- Born: April 13, 1933 (age 92)
- Known for: Dance
- Movement: Dance, Contemporary Dance
- Awards: Canada Council for the Arts Jacqueline Lemieux Prize
- Website: http://elizabethlangley.org/

= Elizabeth Langley =

Dancer and choreographer (b. 1933)

Elizabeth Langley is a performer, choreographer, teacher, dramaturge, creation & rehearsal director. She is the designer of a BFA Contemporary Dance Degree, in the Contemporary Dance department at Concordia University, Montreal, Canada.

==Life and career==
Elizabeth Langley was born in Melbourne, Australia in 1933. Early dance education occurred at the Studio of Creative Dancing in Melbourne.

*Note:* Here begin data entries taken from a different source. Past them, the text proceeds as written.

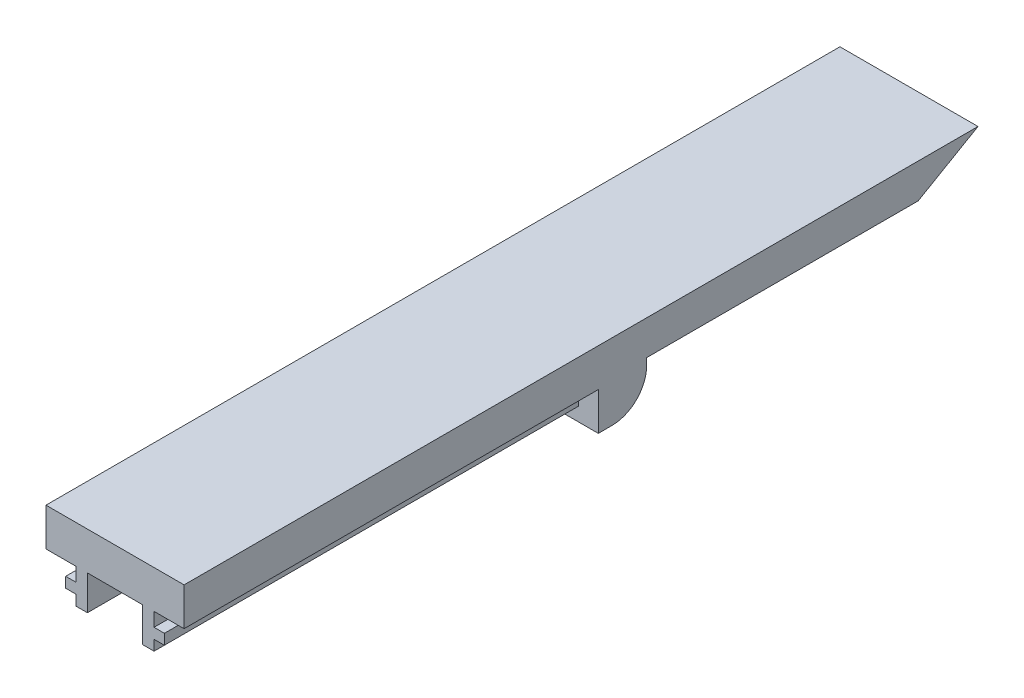
from build123d import *

# Parameters (mm, degrees)
SKETCH1_W           = 20
SKETCH1_H           = 8
BOSS_EXTRUDE1_DEPTH = 115
CUT_EXTRUDE1_DEPTH  = 60
SKETCH3_W           = 20
SKETCH3_H           = 115
BOSS_EXTRUDE2_DEPTH = 3
SKETCH13_W          = 46.736094472
SKETCH13_H          = 63.842099498
CUT_EXTRUDE5_DEPTH  = 30
SKETCH15_W          = 20
SKETCH15_H          = 40
CUT_EXTRUDE6_DEPTH  = 6
FILLET1_R           = 5


with BuildPart() as part:
    # Sketch1 → Boss-Extrude1 (new body)
    with BuildSketch(Plane.XY):
        with Locations((-16.536312849, 6.223463687)):
            Rectangle(SKETCH1_W, SKETCH1_H)
    extrude(amount=-BOSS_EXTRUDE1_DEPTH)

    # Sketch2 → Cut-Extrude1 (cut)
    with BuildSketch(Plane.XY):
        Polygon((-26.536312849, 7.723463687), (-22.186312849, 7.723463687), (-22.186312849, 5.723463687), (-23.686312849, 5.723463687), (-23.686312849, 4.223463687), (-22.186312849, 4.223463687), (-22.186312849, 2.723463687), (-20.536312849, 2.723463687), (-20.536312849, 7.723463687), (-12.536312849, 7.723463687), (-12.536312849, 2.723463687), (-10.886312849, 2.723463687), (-10.886312849, 4.223463687), (-9.386312849, 4.223463687), (-9.386312849, 5.723463687), (-10.886312849, 5.723463687), (-10.886312849, 7.723463687), (-6.536312849, 7.723463687), (-6.536312849, 2.223463687), (-26.536312849, 2.223463687), align=None)
    extrude(amount=-CUT_EXTRUDE1_DEPTH, mode=Mode.SUBTRACT)

    # Sketch3 → Boss-Extrude2 (add)
    with BuildSketch(Plane(origin=(0, 10.223463687, 0), x_dir=(1, 0, 0), z_dir=(0, 1, 0))):
        with Locations((-16.536312849, 57.5)):
            Rectangle(SKETCH3_W, SKETCH3_H)
    extrude(amount=BOSS_EXTRUDE2_DEPTH)

    # Sketch13 → Cut-Extrude5 (cut)
    with BuildSketch(Plane(origin=(0, -39.878862952, -23.02407226), x_dir=(-1, 0, 0), z_dir=(0, 0.866025403784438, 0.500000000000001))):
        with Locations((16.217588554, -100.321082734)):
            Rectangle(SKETCH13_W, SKETCH13_H)
    extrude(amount=-CUT_EXTRUDE5_DEPTH, mode=Mode.SUBTRACT)

    # Sketch15 → Cut-Extrude6 (cut)
    with BuildSketch(Plane.XZ.offset(-2.223463687)):
        with Locations((-16.536312849, -87)):
            Rectangle(SKETCH15_W, SKETCH15_H)
    extrude(amount=-CUT_EXTRUDE6_DEPTH, mode=Mode.SUBTRACT)

    # Fillet1
    fillet1_edges = [part.edges().sort_by_distance(p)[0] for p in [
        (-16.536312849, 2.223463687, -67),
    ]]
    fillet(fillet1_edges, radius=FILLET1_R)


solid = part.part

Her father, indicated to her, at a young age, "If you can turn your passion into your profession, you will be the happiest person in the world."

From 1960 to 1965 she lived in New York, where she trained in the Martha Graham technique at Graham's studios on East 63rd Street, and experienced the burgeoning modern and post-modern American dance scene. She then moved to Ottawa, Ontario. She undertook a number of jobs: opening a dress boutique, serving as manager of the Café Le Hibou Coffee House, where performers Josh White Jr., Odetta, James Cotton, and Bruce Cockburn headlined, teaching dance at the Strathmere Farm summer day camp in North Gower, Ontario. She taught a Movement for Actors course at the University of Ottawa in the fall of 1975. Among her students was Christopher House, who said, "She always has a question that she's grappling with. This means constantly setting challenges for yourself. There must be the feeling that there is something more. Step back and shake it up!"

In 1979, at Concordia University, she designed a university dance degree program geared to training choreographers, as well as technique, became the first chair of the Department of Modern Dance, inaugurated in the 1980/81 academic year. It was renamed the Department of Contemporary Dance in 1987. She describes the development of the program as a key experience. Concentrated study allowed students to create their own choreographic work and teachers did not impose their own technique or develop their work on the cohort. Among those who graduated from the program include, Pierre-Paul Savoie, Jeff Hall (dancer), Jacques Brochu, Isabelle Choinière, Noam Gagnon, Florence Figols, Thea Patterson Sasha Kleinplatz Andrew Tay and Ireni Stamou.

After studying in Amsterdam, at the School of New Dance Development, she retired in 1997 to develop her own style of physical theatre.

On her return to Canada in January 1997, she became involved with various projects for companies and solo artists in Canada - assistant director for Maxine Heppner, studio consultant for Denise Fujiwara, and dramaturge to Sashar Zarif. Langley sees the dramaturge as a "mentor, a person who helps a choreographer reach clarity about his or her choreographic expression by responding to the emerging work from the position of an informed ‘first spectator.’ Langley operates from a neutral position, in which the dramaturg attempts to leave no artistic imprint on the work.

In 1997, she received the Jacqueline Lemieux Prize, a Canada Council for the Arts award recognizing a dance professional's exceptional contribution to the dance milieu in Canada.

At a theatre festival in Turkey, she met the Australian theatre director Paul Rainsford Towner, head of the troupe Chapel of Change. Together they created Langley's solo one hour multi-media performance, Journal of Peddle Dreams (2003). Inspired by the life and writing of Australian writer Eve Langley, the production directed Towner, is cited as "magnifique"

==Awards and nominations==

Canada Council for the Arts Jacqueline Lemieux Prize, 1997

In 2020, she was appointed as a member of the Order of Canada.